▶
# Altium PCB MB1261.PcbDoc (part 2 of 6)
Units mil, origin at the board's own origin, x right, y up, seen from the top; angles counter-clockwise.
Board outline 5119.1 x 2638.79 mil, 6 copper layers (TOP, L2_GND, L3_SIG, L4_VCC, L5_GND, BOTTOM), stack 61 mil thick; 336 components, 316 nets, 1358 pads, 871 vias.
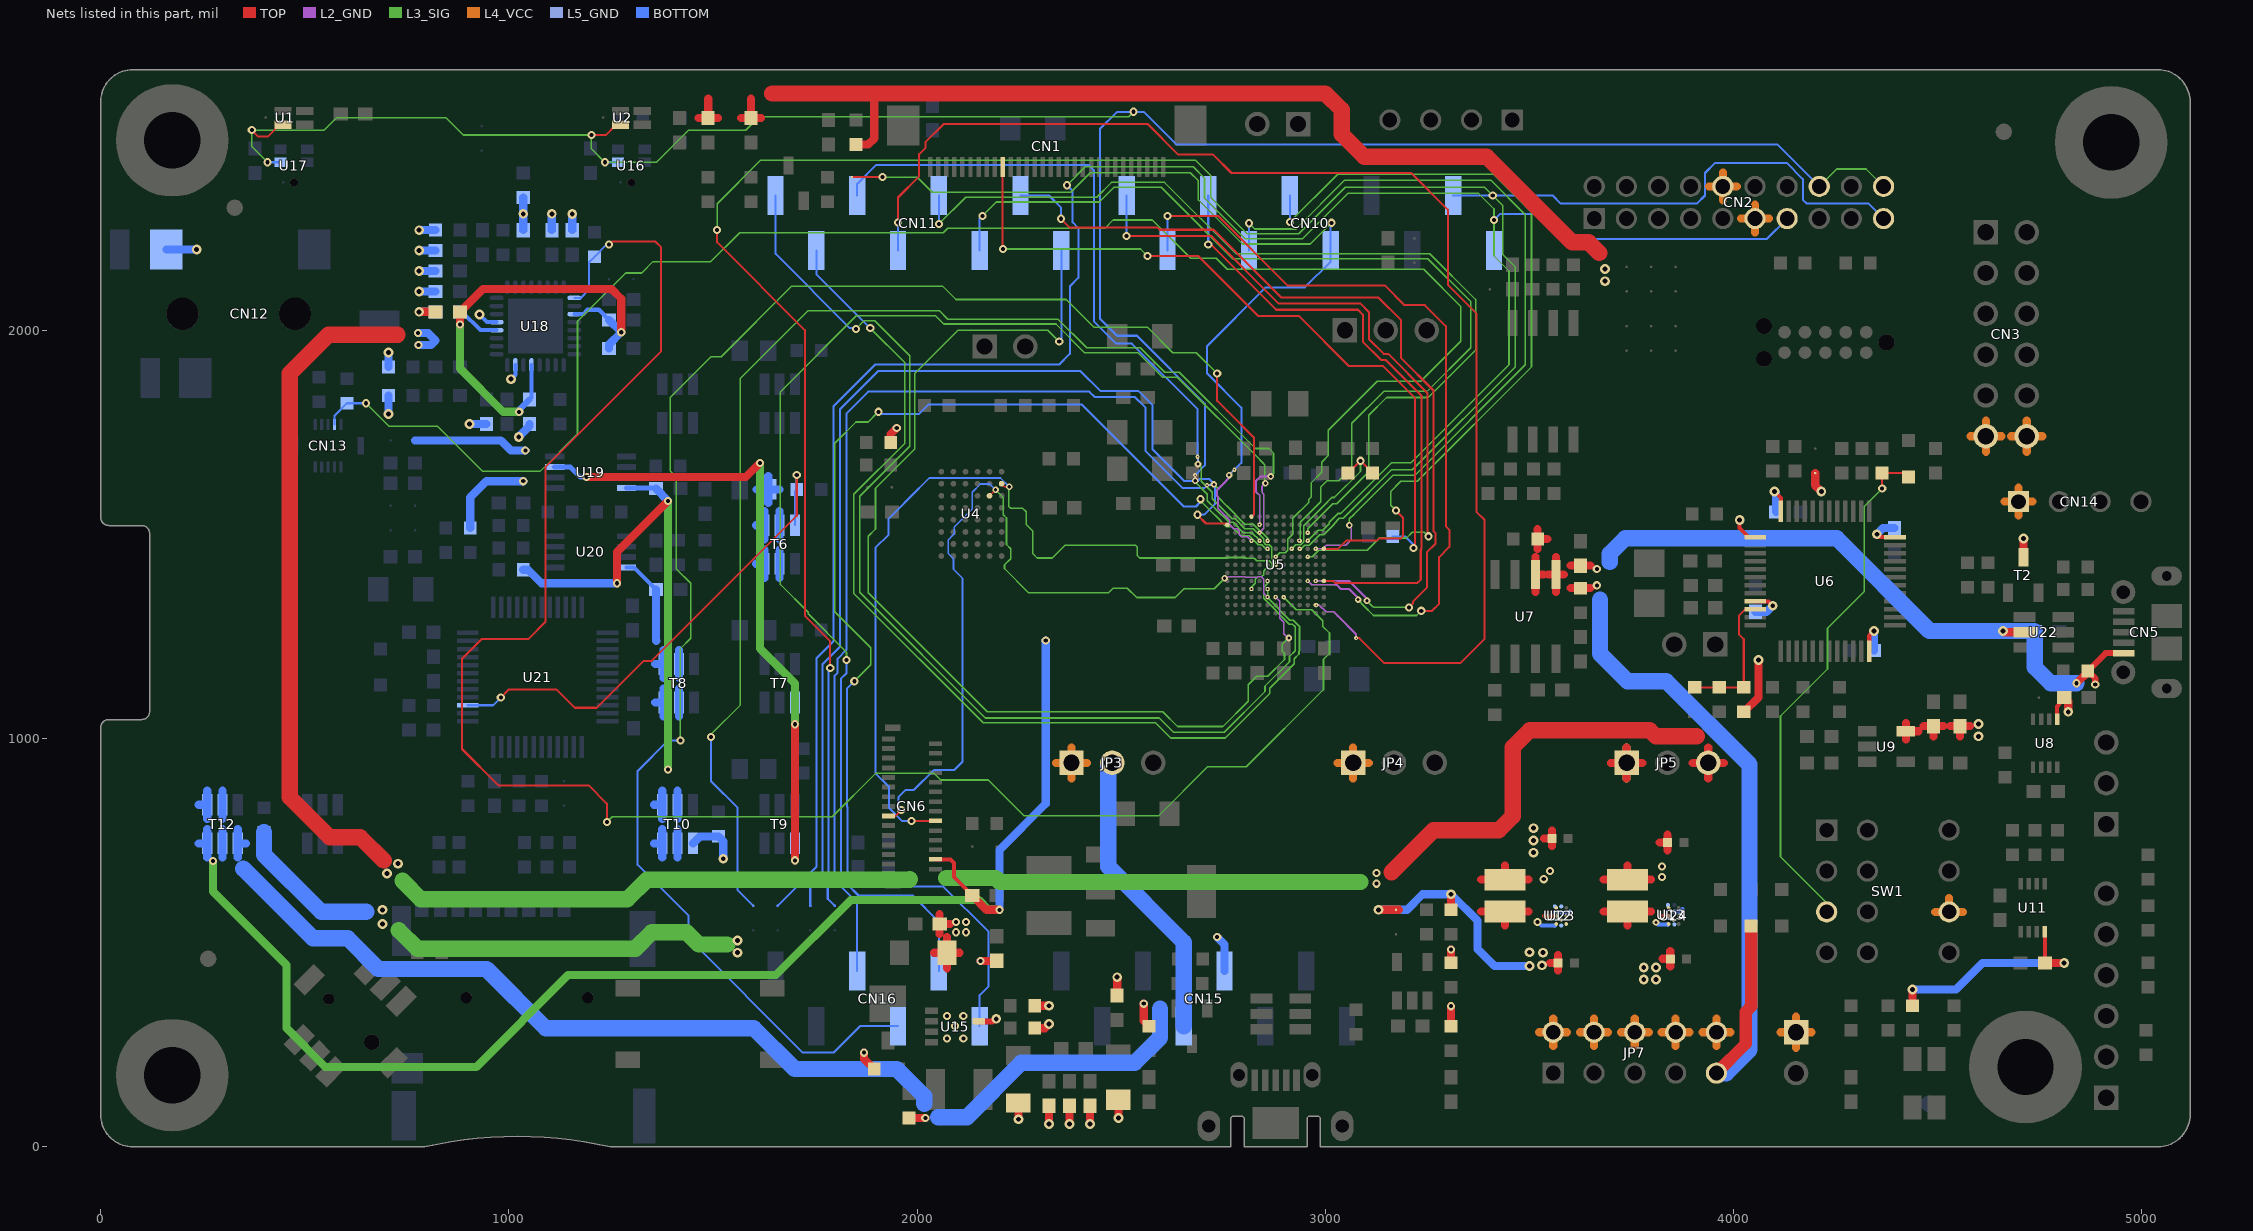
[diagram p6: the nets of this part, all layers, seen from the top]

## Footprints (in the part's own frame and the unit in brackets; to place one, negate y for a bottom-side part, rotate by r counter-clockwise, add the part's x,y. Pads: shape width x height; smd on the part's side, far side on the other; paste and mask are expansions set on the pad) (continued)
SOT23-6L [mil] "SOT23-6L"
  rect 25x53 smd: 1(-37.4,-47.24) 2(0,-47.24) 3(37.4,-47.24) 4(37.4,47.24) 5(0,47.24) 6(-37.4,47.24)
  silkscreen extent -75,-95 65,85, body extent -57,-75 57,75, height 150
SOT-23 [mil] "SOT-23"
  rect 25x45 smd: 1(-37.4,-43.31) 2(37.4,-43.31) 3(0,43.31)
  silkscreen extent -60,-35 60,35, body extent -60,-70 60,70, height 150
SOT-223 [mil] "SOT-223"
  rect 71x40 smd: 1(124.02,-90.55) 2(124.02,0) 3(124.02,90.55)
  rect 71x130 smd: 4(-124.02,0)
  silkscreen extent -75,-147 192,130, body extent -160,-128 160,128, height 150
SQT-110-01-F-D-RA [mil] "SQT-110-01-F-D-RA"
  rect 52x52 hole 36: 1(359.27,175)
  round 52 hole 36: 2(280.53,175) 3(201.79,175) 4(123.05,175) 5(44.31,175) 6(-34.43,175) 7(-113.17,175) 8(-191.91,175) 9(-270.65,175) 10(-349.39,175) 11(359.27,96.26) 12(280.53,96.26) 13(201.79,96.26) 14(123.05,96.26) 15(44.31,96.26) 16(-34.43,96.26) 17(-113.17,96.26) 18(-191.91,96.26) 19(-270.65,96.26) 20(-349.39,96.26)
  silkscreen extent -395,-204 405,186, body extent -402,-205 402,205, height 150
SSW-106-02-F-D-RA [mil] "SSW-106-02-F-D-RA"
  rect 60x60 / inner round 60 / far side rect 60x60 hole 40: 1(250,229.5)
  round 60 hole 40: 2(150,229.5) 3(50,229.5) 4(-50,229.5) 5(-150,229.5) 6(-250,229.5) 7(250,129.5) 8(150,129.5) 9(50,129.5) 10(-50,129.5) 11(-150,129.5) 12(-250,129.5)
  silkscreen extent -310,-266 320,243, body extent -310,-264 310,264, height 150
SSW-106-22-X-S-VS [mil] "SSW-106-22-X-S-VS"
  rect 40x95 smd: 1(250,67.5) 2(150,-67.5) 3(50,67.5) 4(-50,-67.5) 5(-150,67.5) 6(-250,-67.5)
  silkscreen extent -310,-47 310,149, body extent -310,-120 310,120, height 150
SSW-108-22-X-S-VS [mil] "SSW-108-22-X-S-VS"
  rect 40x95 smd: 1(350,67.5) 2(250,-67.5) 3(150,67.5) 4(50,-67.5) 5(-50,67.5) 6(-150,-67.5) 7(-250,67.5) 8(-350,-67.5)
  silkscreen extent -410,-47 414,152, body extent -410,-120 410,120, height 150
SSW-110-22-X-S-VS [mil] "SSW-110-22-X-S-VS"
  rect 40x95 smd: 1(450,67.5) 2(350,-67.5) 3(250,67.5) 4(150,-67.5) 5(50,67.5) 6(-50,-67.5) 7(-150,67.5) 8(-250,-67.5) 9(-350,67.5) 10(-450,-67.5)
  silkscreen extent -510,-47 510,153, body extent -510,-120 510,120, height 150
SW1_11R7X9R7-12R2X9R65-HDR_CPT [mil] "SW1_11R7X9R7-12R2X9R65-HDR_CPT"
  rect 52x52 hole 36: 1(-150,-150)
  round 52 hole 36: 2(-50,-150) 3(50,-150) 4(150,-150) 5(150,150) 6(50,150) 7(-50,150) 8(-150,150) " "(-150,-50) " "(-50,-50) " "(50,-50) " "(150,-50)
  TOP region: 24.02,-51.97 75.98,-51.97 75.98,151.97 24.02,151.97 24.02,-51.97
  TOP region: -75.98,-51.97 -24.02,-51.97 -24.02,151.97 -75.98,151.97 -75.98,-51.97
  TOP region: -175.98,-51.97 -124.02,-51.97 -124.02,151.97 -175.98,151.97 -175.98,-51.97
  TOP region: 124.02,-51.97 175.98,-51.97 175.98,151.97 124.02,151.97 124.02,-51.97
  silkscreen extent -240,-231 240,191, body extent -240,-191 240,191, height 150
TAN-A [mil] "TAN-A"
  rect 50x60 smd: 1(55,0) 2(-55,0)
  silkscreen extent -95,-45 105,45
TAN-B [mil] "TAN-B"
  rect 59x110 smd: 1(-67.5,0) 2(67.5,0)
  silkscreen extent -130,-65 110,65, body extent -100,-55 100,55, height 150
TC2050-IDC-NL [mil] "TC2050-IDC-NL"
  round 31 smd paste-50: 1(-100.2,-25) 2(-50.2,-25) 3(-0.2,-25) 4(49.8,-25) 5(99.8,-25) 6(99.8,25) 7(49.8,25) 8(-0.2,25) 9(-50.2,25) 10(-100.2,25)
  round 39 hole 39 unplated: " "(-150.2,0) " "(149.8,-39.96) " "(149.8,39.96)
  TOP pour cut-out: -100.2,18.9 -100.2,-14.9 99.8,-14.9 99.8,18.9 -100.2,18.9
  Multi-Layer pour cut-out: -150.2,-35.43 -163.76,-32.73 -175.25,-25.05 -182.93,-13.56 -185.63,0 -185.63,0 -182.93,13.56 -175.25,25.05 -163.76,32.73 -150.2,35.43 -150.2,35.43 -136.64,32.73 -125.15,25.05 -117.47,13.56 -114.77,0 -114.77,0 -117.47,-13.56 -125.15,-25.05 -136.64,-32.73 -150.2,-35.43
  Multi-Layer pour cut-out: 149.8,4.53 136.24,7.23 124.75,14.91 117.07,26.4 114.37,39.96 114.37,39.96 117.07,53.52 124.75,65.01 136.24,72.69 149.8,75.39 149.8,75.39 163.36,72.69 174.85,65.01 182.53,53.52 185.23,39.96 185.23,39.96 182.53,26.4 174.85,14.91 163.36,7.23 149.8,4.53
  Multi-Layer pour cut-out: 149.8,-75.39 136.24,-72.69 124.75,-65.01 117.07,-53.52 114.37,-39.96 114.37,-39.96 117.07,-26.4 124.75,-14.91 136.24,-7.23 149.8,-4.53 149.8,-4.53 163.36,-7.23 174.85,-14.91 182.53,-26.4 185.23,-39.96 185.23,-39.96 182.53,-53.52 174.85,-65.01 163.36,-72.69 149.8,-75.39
◀
• **Directions for this task**:
Output the material above exactly, but only from the line that carries "silkscreen extent -75,-147" through the line that carries "rect 52x52 hole 36: 1(359.27,175)".

• **Exercise response**:
  silkscreen extent -75,-147 192,130, body extent -160,-128 160,128, height 150
SQT-110-01-F-D-RA [mil] "SQT-110-01-F-D-RA"
  rect 52x52 hole 36: 1(359.27,175)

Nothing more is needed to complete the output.